● INFORMATION GIVEN:
# # # # # # #

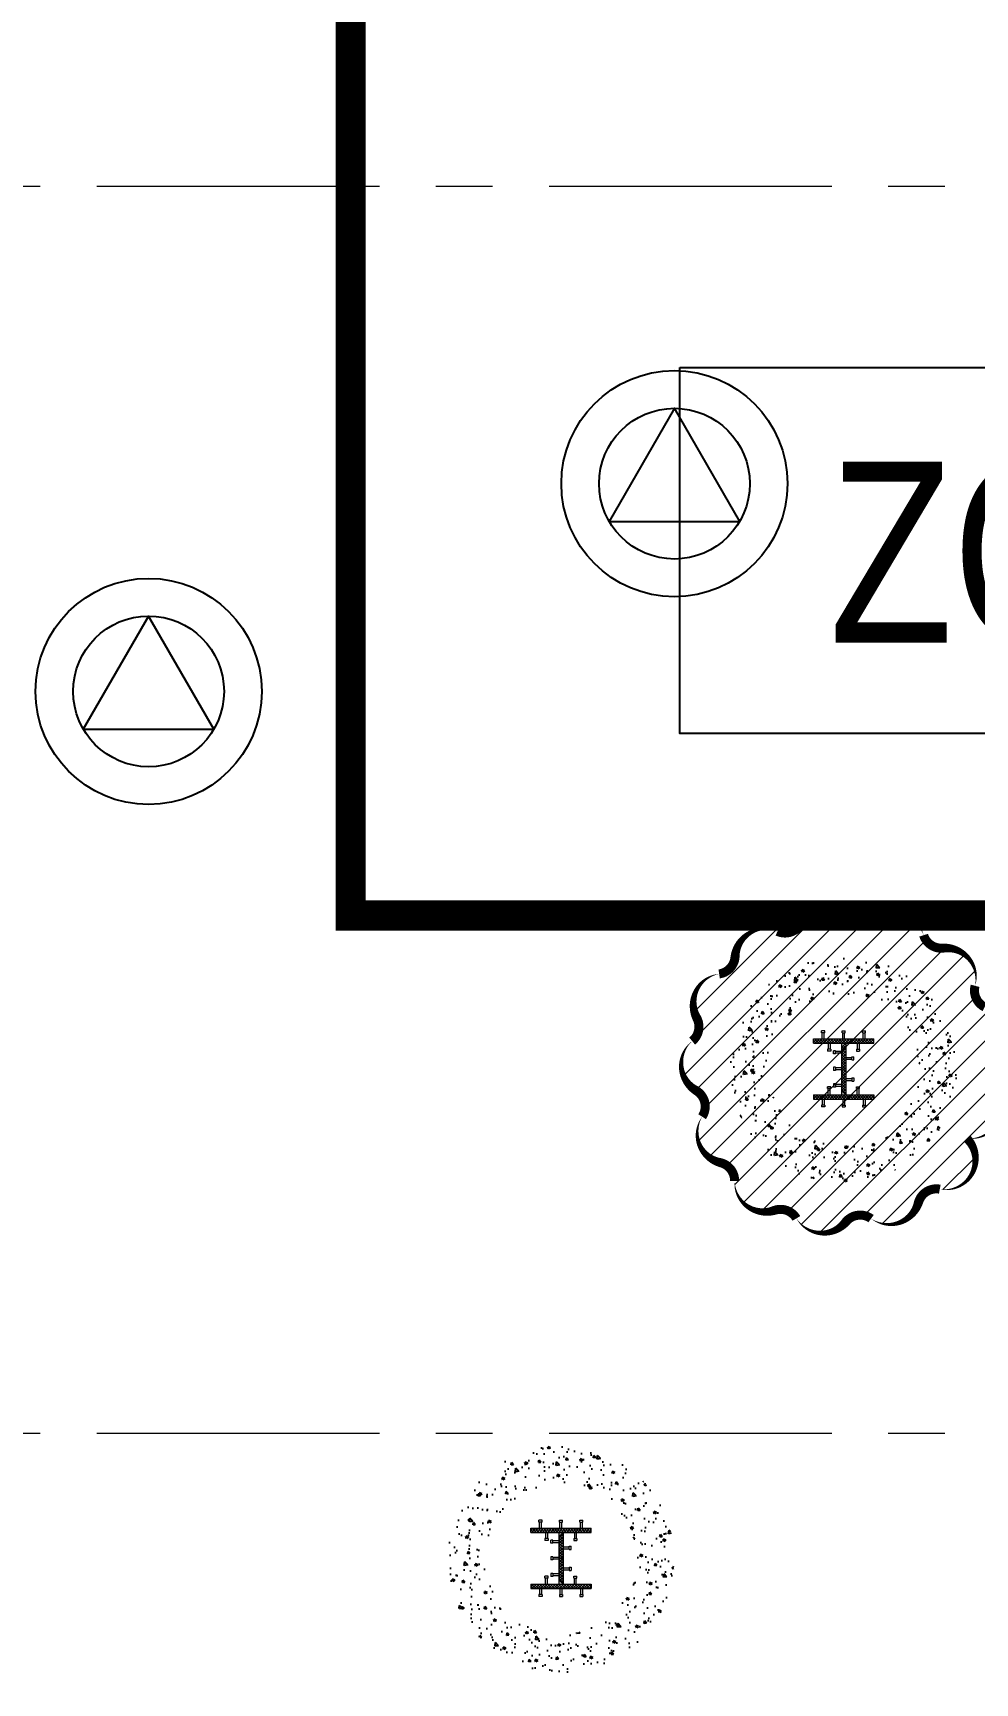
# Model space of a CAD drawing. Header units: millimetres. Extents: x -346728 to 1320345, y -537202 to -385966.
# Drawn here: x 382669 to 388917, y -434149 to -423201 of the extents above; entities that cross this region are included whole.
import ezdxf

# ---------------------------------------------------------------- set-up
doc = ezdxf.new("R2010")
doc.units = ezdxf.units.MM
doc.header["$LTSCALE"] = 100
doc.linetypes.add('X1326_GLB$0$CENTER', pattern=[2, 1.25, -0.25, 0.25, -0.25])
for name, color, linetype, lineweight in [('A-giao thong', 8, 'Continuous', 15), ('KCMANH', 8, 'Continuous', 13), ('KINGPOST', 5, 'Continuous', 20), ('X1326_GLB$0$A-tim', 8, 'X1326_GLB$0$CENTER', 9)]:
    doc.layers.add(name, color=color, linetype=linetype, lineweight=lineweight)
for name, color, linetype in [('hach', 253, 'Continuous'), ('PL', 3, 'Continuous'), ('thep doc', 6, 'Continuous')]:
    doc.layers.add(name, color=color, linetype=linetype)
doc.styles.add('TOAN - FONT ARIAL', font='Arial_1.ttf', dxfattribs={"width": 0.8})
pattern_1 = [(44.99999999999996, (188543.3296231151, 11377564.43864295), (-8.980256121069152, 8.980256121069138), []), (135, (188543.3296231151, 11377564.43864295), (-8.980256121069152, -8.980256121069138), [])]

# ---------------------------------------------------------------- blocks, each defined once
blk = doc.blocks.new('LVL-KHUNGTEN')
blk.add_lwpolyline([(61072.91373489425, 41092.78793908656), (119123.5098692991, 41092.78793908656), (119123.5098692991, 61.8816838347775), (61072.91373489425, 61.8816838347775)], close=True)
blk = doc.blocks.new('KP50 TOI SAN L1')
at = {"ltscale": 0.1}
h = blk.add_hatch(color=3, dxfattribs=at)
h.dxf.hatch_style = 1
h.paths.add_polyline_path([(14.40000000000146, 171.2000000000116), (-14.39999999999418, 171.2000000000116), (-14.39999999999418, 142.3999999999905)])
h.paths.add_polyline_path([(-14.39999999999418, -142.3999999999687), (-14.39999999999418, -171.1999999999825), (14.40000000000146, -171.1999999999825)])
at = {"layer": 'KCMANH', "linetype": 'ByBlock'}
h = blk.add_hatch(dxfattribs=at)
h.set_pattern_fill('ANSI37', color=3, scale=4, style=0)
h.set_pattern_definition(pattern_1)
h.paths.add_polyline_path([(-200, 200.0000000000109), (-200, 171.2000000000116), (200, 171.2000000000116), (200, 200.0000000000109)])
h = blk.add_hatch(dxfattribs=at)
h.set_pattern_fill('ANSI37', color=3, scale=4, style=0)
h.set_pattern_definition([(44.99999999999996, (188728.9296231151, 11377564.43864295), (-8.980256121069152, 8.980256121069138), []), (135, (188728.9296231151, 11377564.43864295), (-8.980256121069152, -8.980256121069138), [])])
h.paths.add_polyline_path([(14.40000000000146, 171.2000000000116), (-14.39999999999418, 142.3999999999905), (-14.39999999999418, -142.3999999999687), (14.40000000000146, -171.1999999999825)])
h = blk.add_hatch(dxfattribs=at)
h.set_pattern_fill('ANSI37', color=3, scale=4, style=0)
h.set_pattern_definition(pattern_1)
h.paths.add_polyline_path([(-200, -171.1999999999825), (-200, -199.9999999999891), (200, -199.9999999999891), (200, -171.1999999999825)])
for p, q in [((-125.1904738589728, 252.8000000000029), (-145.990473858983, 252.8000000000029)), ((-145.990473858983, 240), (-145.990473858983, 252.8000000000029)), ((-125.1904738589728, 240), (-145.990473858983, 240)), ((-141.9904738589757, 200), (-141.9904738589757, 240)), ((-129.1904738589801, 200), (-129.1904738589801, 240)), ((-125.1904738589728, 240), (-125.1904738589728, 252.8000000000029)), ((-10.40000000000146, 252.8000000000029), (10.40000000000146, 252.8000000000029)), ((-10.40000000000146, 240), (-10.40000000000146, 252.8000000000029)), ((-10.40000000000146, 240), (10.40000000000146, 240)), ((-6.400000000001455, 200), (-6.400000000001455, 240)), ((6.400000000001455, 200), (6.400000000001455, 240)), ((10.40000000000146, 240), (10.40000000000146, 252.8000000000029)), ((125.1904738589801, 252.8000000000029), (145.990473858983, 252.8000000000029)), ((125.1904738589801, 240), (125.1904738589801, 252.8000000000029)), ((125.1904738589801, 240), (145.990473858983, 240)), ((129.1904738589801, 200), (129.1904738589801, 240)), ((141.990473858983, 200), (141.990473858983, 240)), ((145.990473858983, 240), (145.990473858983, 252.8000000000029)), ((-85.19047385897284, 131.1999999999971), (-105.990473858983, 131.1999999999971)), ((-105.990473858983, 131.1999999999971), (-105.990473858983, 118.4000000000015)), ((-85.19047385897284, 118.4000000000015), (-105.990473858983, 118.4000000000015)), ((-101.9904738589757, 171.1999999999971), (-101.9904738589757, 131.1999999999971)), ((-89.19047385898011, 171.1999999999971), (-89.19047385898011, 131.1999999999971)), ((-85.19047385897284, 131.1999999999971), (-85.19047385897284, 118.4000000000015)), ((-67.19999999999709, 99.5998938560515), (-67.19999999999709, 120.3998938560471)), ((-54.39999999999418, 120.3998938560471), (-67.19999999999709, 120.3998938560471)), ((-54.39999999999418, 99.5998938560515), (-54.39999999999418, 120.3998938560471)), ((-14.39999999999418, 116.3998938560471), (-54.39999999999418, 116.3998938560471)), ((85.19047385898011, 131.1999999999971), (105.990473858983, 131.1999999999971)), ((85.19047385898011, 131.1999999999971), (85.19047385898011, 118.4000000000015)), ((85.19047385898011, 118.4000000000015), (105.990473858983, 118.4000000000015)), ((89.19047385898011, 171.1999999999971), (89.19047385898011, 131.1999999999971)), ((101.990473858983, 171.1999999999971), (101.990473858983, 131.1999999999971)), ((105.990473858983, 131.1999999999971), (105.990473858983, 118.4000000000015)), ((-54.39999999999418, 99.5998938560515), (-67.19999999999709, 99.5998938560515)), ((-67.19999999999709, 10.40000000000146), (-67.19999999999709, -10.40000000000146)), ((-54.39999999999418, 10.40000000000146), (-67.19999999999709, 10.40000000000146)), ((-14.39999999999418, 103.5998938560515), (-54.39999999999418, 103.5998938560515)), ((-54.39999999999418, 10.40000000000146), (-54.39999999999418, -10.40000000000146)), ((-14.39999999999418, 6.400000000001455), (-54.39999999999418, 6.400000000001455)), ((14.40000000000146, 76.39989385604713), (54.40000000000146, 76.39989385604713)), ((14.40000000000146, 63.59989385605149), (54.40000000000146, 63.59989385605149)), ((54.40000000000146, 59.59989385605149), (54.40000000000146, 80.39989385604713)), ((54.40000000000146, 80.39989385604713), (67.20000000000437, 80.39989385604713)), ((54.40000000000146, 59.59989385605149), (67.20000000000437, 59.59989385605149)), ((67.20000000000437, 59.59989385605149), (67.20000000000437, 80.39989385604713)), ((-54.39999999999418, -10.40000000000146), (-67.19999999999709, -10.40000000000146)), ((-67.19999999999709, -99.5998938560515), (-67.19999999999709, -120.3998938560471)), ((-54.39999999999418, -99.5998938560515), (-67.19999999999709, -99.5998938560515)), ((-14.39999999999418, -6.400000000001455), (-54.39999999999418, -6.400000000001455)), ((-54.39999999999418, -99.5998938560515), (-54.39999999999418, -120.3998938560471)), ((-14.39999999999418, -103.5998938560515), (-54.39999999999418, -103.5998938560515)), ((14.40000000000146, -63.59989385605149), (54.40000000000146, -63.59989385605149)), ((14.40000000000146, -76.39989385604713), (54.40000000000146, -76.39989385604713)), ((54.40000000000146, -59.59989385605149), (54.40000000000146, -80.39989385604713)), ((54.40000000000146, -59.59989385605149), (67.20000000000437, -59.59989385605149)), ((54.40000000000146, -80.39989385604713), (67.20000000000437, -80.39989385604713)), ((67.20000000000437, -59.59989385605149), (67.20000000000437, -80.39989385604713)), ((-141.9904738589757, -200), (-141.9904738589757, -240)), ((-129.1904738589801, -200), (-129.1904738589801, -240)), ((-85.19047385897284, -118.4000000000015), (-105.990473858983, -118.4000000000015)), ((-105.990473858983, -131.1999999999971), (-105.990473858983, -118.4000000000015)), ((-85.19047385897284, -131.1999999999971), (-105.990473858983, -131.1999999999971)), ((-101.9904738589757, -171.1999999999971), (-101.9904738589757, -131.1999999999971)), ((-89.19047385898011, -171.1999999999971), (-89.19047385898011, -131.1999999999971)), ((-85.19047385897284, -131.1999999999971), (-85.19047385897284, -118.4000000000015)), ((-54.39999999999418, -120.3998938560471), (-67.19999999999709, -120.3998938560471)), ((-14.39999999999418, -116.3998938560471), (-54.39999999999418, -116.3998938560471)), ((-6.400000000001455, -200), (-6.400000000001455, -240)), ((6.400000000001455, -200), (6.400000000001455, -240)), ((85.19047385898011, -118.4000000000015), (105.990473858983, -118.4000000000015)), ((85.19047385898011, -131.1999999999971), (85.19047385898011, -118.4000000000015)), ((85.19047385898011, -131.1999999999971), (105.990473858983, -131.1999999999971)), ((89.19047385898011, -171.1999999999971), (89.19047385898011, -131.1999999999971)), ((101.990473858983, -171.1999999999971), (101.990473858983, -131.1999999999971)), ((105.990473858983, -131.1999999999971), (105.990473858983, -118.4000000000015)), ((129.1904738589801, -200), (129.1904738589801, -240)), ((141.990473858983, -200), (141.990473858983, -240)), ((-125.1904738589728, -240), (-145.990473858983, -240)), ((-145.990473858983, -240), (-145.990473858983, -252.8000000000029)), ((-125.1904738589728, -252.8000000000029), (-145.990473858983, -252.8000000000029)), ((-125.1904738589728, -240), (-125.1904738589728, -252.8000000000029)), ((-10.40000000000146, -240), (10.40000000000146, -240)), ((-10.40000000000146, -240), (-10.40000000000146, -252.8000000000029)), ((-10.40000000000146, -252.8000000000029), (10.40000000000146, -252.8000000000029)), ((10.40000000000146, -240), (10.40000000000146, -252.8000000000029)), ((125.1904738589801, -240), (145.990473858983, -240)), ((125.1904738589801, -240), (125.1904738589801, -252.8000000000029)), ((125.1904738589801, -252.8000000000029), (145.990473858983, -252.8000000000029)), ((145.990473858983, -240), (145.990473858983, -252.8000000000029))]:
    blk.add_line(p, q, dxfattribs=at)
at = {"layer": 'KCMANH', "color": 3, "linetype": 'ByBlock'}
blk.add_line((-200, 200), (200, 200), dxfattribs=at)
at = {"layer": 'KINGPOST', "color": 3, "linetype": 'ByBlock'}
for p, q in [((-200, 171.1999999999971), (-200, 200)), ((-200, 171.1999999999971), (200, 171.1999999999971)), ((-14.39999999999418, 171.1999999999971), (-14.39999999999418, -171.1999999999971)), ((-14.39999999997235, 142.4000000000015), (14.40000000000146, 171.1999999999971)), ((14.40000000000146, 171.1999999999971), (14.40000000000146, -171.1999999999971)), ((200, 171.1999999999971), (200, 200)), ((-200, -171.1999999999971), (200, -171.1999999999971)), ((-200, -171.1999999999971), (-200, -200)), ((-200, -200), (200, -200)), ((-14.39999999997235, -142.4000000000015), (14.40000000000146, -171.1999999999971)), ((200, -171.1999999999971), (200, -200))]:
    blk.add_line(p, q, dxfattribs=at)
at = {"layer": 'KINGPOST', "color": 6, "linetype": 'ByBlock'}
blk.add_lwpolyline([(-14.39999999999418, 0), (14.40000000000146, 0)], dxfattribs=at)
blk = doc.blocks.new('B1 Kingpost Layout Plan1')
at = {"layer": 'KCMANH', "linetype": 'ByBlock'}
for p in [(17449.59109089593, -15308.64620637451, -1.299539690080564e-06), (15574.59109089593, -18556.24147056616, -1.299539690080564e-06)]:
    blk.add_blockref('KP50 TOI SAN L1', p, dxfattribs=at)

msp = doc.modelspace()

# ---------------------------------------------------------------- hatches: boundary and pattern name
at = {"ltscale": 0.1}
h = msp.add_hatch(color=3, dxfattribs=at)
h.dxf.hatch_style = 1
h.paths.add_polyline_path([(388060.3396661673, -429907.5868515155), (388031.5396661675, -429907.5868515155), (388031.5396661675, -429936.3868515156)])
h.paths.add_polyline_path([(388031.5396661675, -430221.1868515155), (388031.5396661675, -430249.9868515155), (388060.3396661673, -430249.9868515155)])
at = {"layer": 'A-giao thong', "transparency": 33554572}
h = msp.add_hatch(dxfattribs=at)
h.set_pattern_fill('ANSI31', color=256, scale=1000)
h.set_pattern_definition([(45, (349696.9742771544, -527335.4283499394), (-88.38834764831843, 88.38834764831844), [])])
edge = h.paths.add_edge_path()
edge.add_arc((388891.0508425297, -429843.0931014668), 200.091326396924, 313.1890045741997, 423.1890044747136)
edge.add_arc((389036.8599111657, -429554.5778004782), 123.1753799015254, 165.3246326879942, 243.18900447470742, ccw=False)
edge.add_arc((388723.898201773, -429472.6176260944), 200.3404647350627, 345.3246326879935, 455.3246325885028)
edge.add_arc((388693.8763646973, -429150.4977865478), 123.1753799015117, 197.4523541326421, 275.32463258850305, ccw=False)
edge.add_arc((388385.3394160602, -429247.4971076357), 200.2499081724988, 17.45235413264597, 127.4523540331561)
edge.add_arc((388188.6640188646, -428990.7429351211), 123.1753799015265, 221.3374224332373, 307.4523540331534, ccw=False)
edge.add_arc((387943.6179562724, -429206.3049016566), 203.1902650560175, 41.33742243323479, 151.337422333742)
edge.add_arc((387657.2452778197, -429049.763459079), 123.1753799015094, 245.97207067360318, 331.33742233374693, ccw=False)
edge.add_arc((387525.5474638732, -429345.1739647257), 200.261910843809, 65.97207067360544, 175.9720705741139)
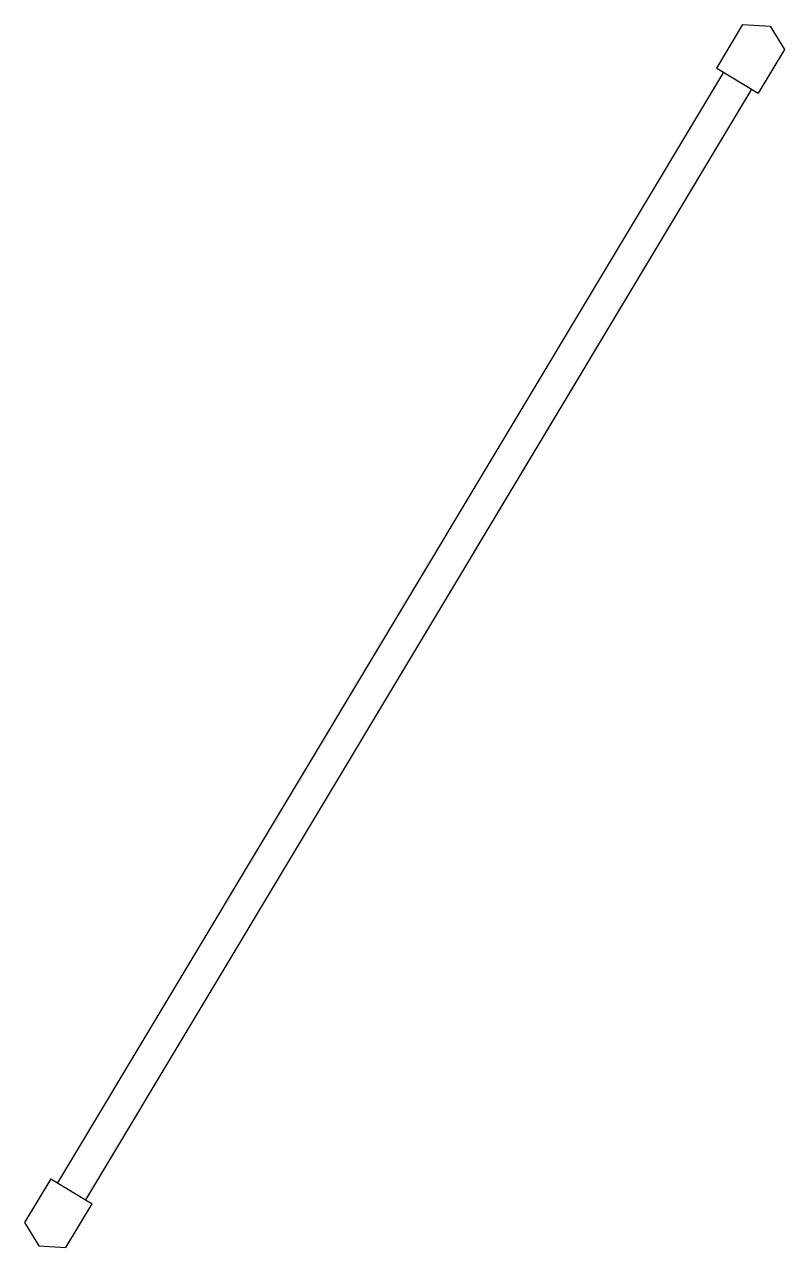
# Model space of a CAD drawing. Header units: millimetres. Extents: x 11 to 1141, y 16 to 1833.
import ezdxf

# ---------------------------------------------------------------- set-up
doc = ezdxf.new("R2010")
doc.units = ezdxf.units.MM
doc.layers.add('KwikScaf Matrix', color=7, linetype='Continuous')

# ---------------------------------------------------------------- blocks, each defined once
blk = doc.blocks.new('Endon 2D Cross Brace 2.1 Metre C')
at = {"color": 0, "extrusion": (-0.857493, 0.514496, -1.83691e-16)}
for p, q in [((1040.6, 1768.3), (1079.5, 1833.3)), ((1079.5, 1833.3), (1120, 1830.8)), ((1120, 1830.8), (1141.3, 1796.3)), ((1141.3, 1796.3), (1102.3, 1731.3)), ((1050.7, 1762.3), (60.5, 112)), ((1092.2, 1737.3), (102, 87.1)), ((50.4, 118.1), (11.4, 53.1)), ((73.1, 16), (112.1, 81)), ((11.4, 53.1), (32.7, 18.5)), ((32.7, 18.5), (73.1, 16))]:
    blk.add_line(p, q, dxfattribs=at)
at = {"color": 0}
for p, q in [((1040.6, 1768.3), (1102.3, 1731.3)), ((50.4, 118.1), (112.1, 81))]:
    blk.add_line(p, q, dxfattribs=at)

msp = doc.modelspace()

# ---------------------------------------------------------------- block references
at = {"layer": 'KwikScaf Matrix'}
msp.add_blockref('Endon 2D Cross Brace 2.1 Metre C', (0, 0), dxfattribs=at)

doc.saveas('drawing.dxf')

# # # # # # #

● TASK ITEM: For the listing above, find how many lines hold the word "ByBlock". Only the number should be written.

● OUTPUT: 5